§ REQUIREMENT
Transcribe the listing below exactly, from its first line through the line with "Author: wharr". Omit the pictures.

§ INPUT MATERIAL
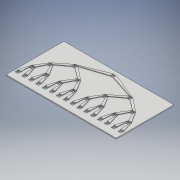
# Autodesk Inventor part: front plate
Saved by Autodesk Inventor 2018.2 (Build 222227000, 227)
## iProperties
Created: 2018-01-31
Part Number: front plate
Material: Generic
Document SubType Name: Modeling
Designer: wharr
Density: 1 g/cm^3
Appearance: Default
Author: wharr
Autodesk Inventor part; units mm, degrees
ref_plane "YZ Plane" through (0, 0, 0) normal (1, 0, 0) x (0, 1, 0)
ref_plane "XZ Plane" through (0, 0, 0) normal (0, 1, 0) x (-1, 0, 0)
ref_plane "XY Plane" through (0, 0, 0) normal (0, 0, 1) x (1, 0, 0)
sketch "Sketch1" plane through (0, 0, 0) normal (0, 0, 1) x (1, 0, 0)
  line L0 (-100, -50) -> (100, -50)
  line L1 (100, -50) -> (100, 50)
  line L2 (100, 50) -> (-100, 50)
  line L3 (-100, 50) -> (-100, -50)
  line L4 (-100, -50) -> (100, 50) construction
  line L5 (100, -50) -> (-100, 50) construction
  line L6 (-100, 30) -> (100, 30) construction
  line L7 (-100, 10) -> (100, 10) construction
  line L8 (-100, -10) -> (100, -10) construction
  line L9 (-100, -30) -> (100, -30) construction
  line L10 (-100, 40) -> (100, 40) construction
  line L11 (-2.75, 37.25) -> (2.75, 37.25)
  line L12 (2.75, 37.25) -> (2.75, 42.75)
  line L13 (2.75, 42.75) -> (-2.75, 42.75)
  line L14 (-2.75, 42.75) -> (-2.75, 37.25)
  line L15 (-2.75, 37.25) -> (2.75, 42.75) construction
  line L16 (2.75, 37.25) -> (-2.75, 42.75) construction
  line L17 (0, 50) -> (0, -50) construction
  line L18 (-50, 50) -> (-50, -50) construction
  line L19 (-100, 20) -> (100, 20) construction
  line L20 (-52.75, 17.25) -> (-47.25, 17.25)
  line L21 (-47.25, 17.25) -> (-47.25, 22.75)
  line L22 (-47.25, 22.75) -> (-52.75, 22.75)
  line L23 (-52.75, 22.75) -> (-52.75, 17.25)
  line L24 (-52.75, 17.25) -> (-47.25, 22.75) construction
  line L25 (-47.25, 17.25) -> (-52.75, 22.75) construction
  line L26 (-75, 50) -> (-75, -50) construction
  line L27 (-100, 0) -> (100, 0) construction
  line L28 (-72.25, -2.75) -> (-77.75, -2.75)
  line L29 (-77.75, -2.75) -> (-77.75, 2.75)
  line L30 (-77.75, 2.75) -> (-72.25, 2.75)
  line L31 (-72.25, 2.75) -> (-72.25, -2.75)
  line L32 (-72.25, -2.75) -> (-77.75, 2.75) construction
  line L33 (-77.75, -2.75) -> (-72.25, 2.75) construction
  line L34 (-25, 50) -> (-25, -50) construction
  line L35 (-22.25, -2.75) -> (-27.75, -2.75)
  line L36 (-27.75, -2.75) -> (-27.75, 2.75)
  line L37 (-27.75, 2.75) -> (-22.25, 2.75)
  line L38 (-22.25, 2.75) -> (-22.25, -2.75)
  line L39 (-22.25, -2.75) -> (-27.75, 2.75) construction
  line L40 (-27.75, -2.75) -> (-22.25, 2.75) construction
  line L41 (-100, -20) -> (100, -20) construction
  line L42 (-87.5, 50) -> (-87.5, -50) construction
  line L43 (-90.25, -22.75) -> (-84.75, -22.75)
  line L44 (-84.75, -22.75) -> (-84.75, -17.25)
  line L45 (-84.75, -17.25) -> (-90.25, -17.25)
  line L46 (-90.25, -17.25) -> (-90.25, -22.75)
  line L47 (-90.25, -22.75) -> (-84.75, -17.25) construction
  line L48 (-84.75, -22.75) -> (-90.25, -17.25) construction
  line L49 (-62.5, 50) -> (-62.5, -50) construction
  line L50 (-65.25, -22.75) -> (-59.75, -22.75)
  line L51 (-59.75, -22.75) -> (-59.75, -17.25)
  line L52 (-59.75, -17.25) -> (-65.25, -17.25)
  line L53 (-65.25, -17.25) -> (-65.25, -22.75)
  line L54 (-65.25, -22.75) -> (-59.75, -17.25) construction
  line L55 (-59.75, -22.75) -> (-65.25, -17.25) construction
  line L56 (-37.5, 50) -> (-37.5, -50) construction
  line L57 (-40.25, -22.75) -> (-34.75, -22.75)
  line L58 (-34.75, -22.75) -> (-34.75, -17.25)
  line L59 (-34.75, -17.25) -> (-40.25, -17.25)
  line L60 (-40.25, -17.25) -> (-40.25, -22.75)
  line L61 (-40.25, -22.75) -> (-34.75, -17.25) construction
  line L62 (-34.75, -22.75) -> (-40.25, -17.25) construction
  line L63 (-12.5, 50) -> (-12.5, -50) construction
  line L64 (-9.75, -22.75) -> (-15.25, -22.75)
  line L65 (-15.25, -22.75) -> (-15.25, -17.25)
  line L66 (-15.25, -17.25) -> (-9.75, -17.25)
  line L67 (-9.75, -17.25) -> (-9.75, -22.75)
  line L68 (-9.75, -22.75) -> (-15.25, -17.25) construction
  line L69 (-15.25, -22.75) -> (-9.75, -17.25) construction
  line L70 (-100, -40) -> (100, -40) construction
  line L71 (-93.75, -30) -> (-93.75, -50) construction
  line L72 (-81.25, -30) -> (-81.25, -50) construction
  line L73 (-96.5, -42.75) -> (-91, -42.75)
  line L74 (-91, -42.75) -> (-91, -37.25)
  line L75 (-91, -37.25) -> (-96.5, -37.25)
  line L76 (-96.5, -37.25) -> (-96.5, -42.75)
  line L77 (-96.5, -42.75) -> (-91, -37.25) construction
  line L78 (-91, -42.75) -> (-96.5, -37.25) construction
  line L79 (-68.75, -30) -> (-68.75, -50) construction
  line L80 (-56.25, -30) -> (-56.25, -50) construction
  line L81 (-43.75, -30) -> (-43.75, -50) construction
  line L82 (-31.25, -30) -> (-31.25, -50) construction
  line L83 (-18.75, -30) -> (-18.75, -50) construction
  line L84 (-6.25, -30) -> (-6.25, -50) construction
  line L85 (-84, -42.75) -> (-78.5, -42.75)
  line L86 (-78.5, -42.75) -> (-78.5, -37.25)
  line L87 (-78.5, -37.25) -> (-84, -37.25)
  line L88 (-84, -37.25) -> (-84, -42.75)
  line L89 (-84, -42.75) -> (-78.5, -37.25) construction
  line L90 (-78.5, -42.75) -> (-84, -37.25) construction
  line L91 (-71.5, -42.75) -> (-66, -42.75)
  line L92 (-66, -42.75) -> (-66, -37.25)
  line L93 (-66, -37.25) -> (-71.5, -37.25)
  line L94 (-71.5, -37.25) -> (-71.5, -42.75)
  line L95 (-71.5, -42.75) -> (-66, -37.25) construction
  line L96 (-66, -42.75) -> (-71.5, -37.25) construction
  line L97 (-59, -42.75) -> (-53.5, -42.75)
  line L98 (-53.5, -42.75) -> (-53.5, -37.25)
  line L99 (-53.5, -37.25) -> (-59, -37.25)
  line L100 (-59, -37.25) -> (-59, -42.75)
  line L101 (-59, -42.75) -> (-53.5, -37.25) construction
  line L102 (-53.5, -42.75) -> (-59, -37.25) construction
  line L103 (-46.5, -42.75) -> (-41, -42.75)
  line L104 (-41, -42.75) -> (-41, -37.25)
  line L105 (-41, -37.25) -> (-46.5, -37.25)
  line L106 (-46.5, -37.25) -> (-46.5, -42.75)
  line L107 (-46.5, -42.75) -> (-41, -37.25) construction
  line L108 (-41, -42.75) -> (-46.5, -37.25) construction
  line L109 (-34, -42.75) -> (-28.5, -42.75)
  line L110 (-28.5, -42.75) -> (-28.5, -37.25)
  line L111 (-28.5, -37.25) -> (-34, -37.25)
  line L112 (-34, -37.25) -> (-34, -42.75)
  line L113 (-34, -42.75) -> (-28.5, -37.25) construction
  line L114 (-28.5, -42.75) -> (-34, -37.25) construction
  line L115 (-21.5, -42.75) -> (-16, -42.75)
  line L116 (-16, -42.75) -> (-16, -37.25)
  line L117 (-16, -37.25) -> (-21.5, -37.25)
  line L118 (-21.5, -37.25) -> (-21.5, -42.75)
  line L119 (-21.5, -42.75) -> (-16, -37.25) construction
  line L120 (-16, -42.75) -> (-21.5, -37.25) construction
  line L121 (-9, -42.75) -> (-3.5, -42.75)
  line L122 (-3.5, -42.75) -> (-3.5, -37.25)
  line L123 (-3.5, -37.25) -> (-9, -37.25)
  line L124 (-9, -37.25) -> (-9, -42.75)
  line L125 (-9, -42.75) -> (-3.5, -37.25) construction
  line L126 (-3.5, -42.75) -> (-9, -37.25) construction
  line L127 (52.75, 17.25) -> (47.25, 17.25)
  line L128 (47.25, 17.25) -> (47.25, 22.75)
  line L129 (47.25, 22.75) -> (52.75, 22.75)
  line L130 (52.75, 22.75) -> (52.75, 17.25)
  line L131 (72.25, -2.75) -> (77.75, -2.75)
  line L132 (77.75, -2.75) -> (77.75, 2.75)
  line L133 (77.75, 2.75) -> (72.25, 2.75)
  line L134 (72.25, 2.75) -> (72.25, -2.75)
  line L135 (22.25, -2.75) -> (27.75, -2.75)
  line L136 (27.75, -2.75) -> (27.75, 2.75)
  line L137 (27.75, 2.75) -> (22.25, 2.75)
  line L138 (22.25, 2.75) -> (22.25, -2.75)
  line L139 (90.25, -22.75) -> (84.75, -22.75)
  line L140 (84.75, -22.75) -> (84.75, -17.25)
  line L141 (84.75, -17.25) -> (90.25, -17.25)
  line L142 (90.25, -17.25) -> (90.25, -22.75)
  line L143 (65.25, -22.75) -> (59.75, -22.75)
  line L144 (59.75, -22.75) -> (59.75, -17.25)
  line L145 (59.75, -17.25) -> (65.25, -17.25)
  line L146 (65.25, -17.25) -> (65.25, -22.75)
  line L147 (40.25, -22.75) -> (34.75, -22.75)
  line L148 (34.75, -22.75) -> (34.75, -17.25)
  line L149 (34.75, -17.25) -> (40.25, -17.25)
  line L150 (40.25, -17.25) -> (40.25, -22.75)
  line L151 (9.75, -22.75) -> (15.25, -22.75)
  line L152 (15.25, -22.75) -> (15.25, -17.25)
  line L153 (15.25, -17.25) -> (9.75, -17.25)
  line L154 (9.75, -17.25) -> (9.75, -22.75)
  line L155 (96.5, -42.75) -> (91, -42.75)
  line L156 (91, -42.75) -> (91, -37.25)
  line L157 (91, -37.25) -> (96.5, -37.25)
  line L158 (96.5, -37.25) -> (96.5, -42.75)
  line L159 (84, -42.75) -> (78.5, -42.75)
  line L160 (78.5, -42.75) -> (78.5, -37.25)
  line L161 (78.5, -37.25) -> (84, -37.25)
  line L162 (84, -37.25) -> (84, -42.75)
  line L163 (71.5, -42.75) -> (66, -42.75)
  line L164 (66, -42.75) -> (66, -37.25)
  line L165 (66, -37.25) -> (71.5, -37.25)
  line L166 (71.5, -37.25) -> (71.5, -42.75)
  line L167 (59, -42.75) -> (53.5, -42.75)
  line L168 (53.5, -42.75) -> (53.5, -37.25)
  line L169 (53.5, -37.25) -> (59, -37.25)
  line L170 (59, -37.25) -> (59, -42.75)
  line L171 (46.5, -42.75) -> (41, -42.75)
  line L172 (41, -42.75) -> (41, -37.25)
  line L173 (41, -37.25) -> (46.5, -37.25)
  line L174 (46.5, -37.25) -> (46.5, -42.75)
  line L175 (34, -42.75) -> (28.5, -42.75)
  line L176 (28.5, -42.75) -> (28.5, -37.25)
  line L177 (28.5, -37.25) -> (34, -37.25)
  line L178 (34, -37.25) -> (34, -42.75)
  line L179 (21.5, -42.75) -> (16, -42.75)
  line L180 (16, -42.75) -> (16, -37.25)
  line L181 (16, -37.25) -> (21.5, -37.25)
  line L182 (21.5, -37.25) -> (21.5, -42.75)
  line L183 (9, -42.75) -> (3.5, -42.75)
  line L184 (3.5, -42.75) -> (3.5, -37.25)
  line L185 (3.5, -37.25) -> (9, -37.25)
  line L186 (9, -37.25) -> (9, -42.75)
  point P0 (0, 0)
  point P1 (0, 40)
  point P2 (-50, 20)
  point P3 (-75, 0)
  point P4 (-25, 0)
  point P5 (-87.5, -20)
  point P6 (-62.5, -20)
  point P7 (-37.5, -20)
  point P8 (-12.5, -20)
  point P9 (-93.75, -40)
  point P10 (-81.25, -40)
  point P11 (-68.75, -40)
  point P12 (-56.25, -40)
  point P13 (-43.75, -40)
  point P14 (-31.25, -40)
  point P15 (-18.75, -40)
  point P16 (-6.25, -40)
  dimension "d0" = 100
  dimension "d1" = 200
  dimension "d2" = 20
  dimension "d3" = 20
  dimension "d4" = 20
  dimension "d5" = 20
  dimension "d6" = 10
  dimension "d7" = 5.5
  dimension "d8" = 5.5
  dimension "d9" = 50
  dimension "d10" = 10
  dimension "d11" = 5.5
  dimension "d12" = 5.5
  dimension "d13" = 25
  dimension "d14" = 5.5
  dimension "d15" = 5.5
  dimension "d16" = 75
  dimension "d17" = 5.5
  dimension "d18" = 5.5
  dimension "d19" = 10
  dimension "d20" = 12.5
  dimension "d21" = 5.5
  dimension "d22" = 5.5
  dimension "d23" = 37.5
  dimension "d24" = 5.5
  dimension "d25" = 5.5
  dimension "d26" = 62.5
  dimension "d27" = 5.5
  dimension "d28" = 5.5
  dimension "d29" = 87.5
  dimension "d30" = 5.5
  dimension "d31" = 5.5
  dimension "d32" = 10
  dimension "d33" = 6.25
  dimension "d34" = 12.5
  dimension "d35" = 5.5
  dimension "d36" = 5.5
  dimension "d37" = 12.5
  dimension "d38" = 12.5
  dimension "d39" = 12.5
  dimension "d40" = 12.5
  dimension "d41" = 12.5
  dimension "d42" = 12.5
  dimension "d43" = 5.5
  dimension "d44" = 5.5
  dimension "d45" = 5.5
  dimension "d46" = 5.5
  dimension "d47" = 5.5
  dimension "d48" = 5.5
  dimension "d49" = 5.5
  dimension "d50" = 5.5
  dimension "d51" = 5.5
  dimension "d52" = 5.5
  dimension "d53" = 5.5
  dimension "d54" = 5.5
  dimension "d55" = 5.5
  dimension "d56" = 5.5
  constraints: 364 end point, 60 symmetric about line, 45 midpoint, 32 parallel, 23 horizontal, 16 perpendicular, 15 vertical, 11 point on line, 65 other
  measures "d0" distance of L5.start L4.end
  measures "d1" distance of L4.end L5.end
  measures "d3" distance between parallel lines of L7 L6
  measures "d4" distance between parallel lines of L8 L7
  measures "d7" distance of L13.end L12.end
  measures "d8" distance of L12.end L11.end
  measures "d9" distance of the line from the sketch origin of L18
  measures "d10" distance between parallel lines of L6 L19
  measures "d11" distance of L22.end L21.end
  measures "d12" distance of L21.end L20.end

§ RESULT
# Autodesk Inventor part: front plate
Saved by Autodesk Inventor 2018.2 (Build 222227000, 227)
## iProperties
Created: 2018-01-31
Part Number: front plate
Material: Generic
Document SubType Name: Modeling
Designer: wharr
Density: 1 g/cm^3
Appearance: Default
Author: wharr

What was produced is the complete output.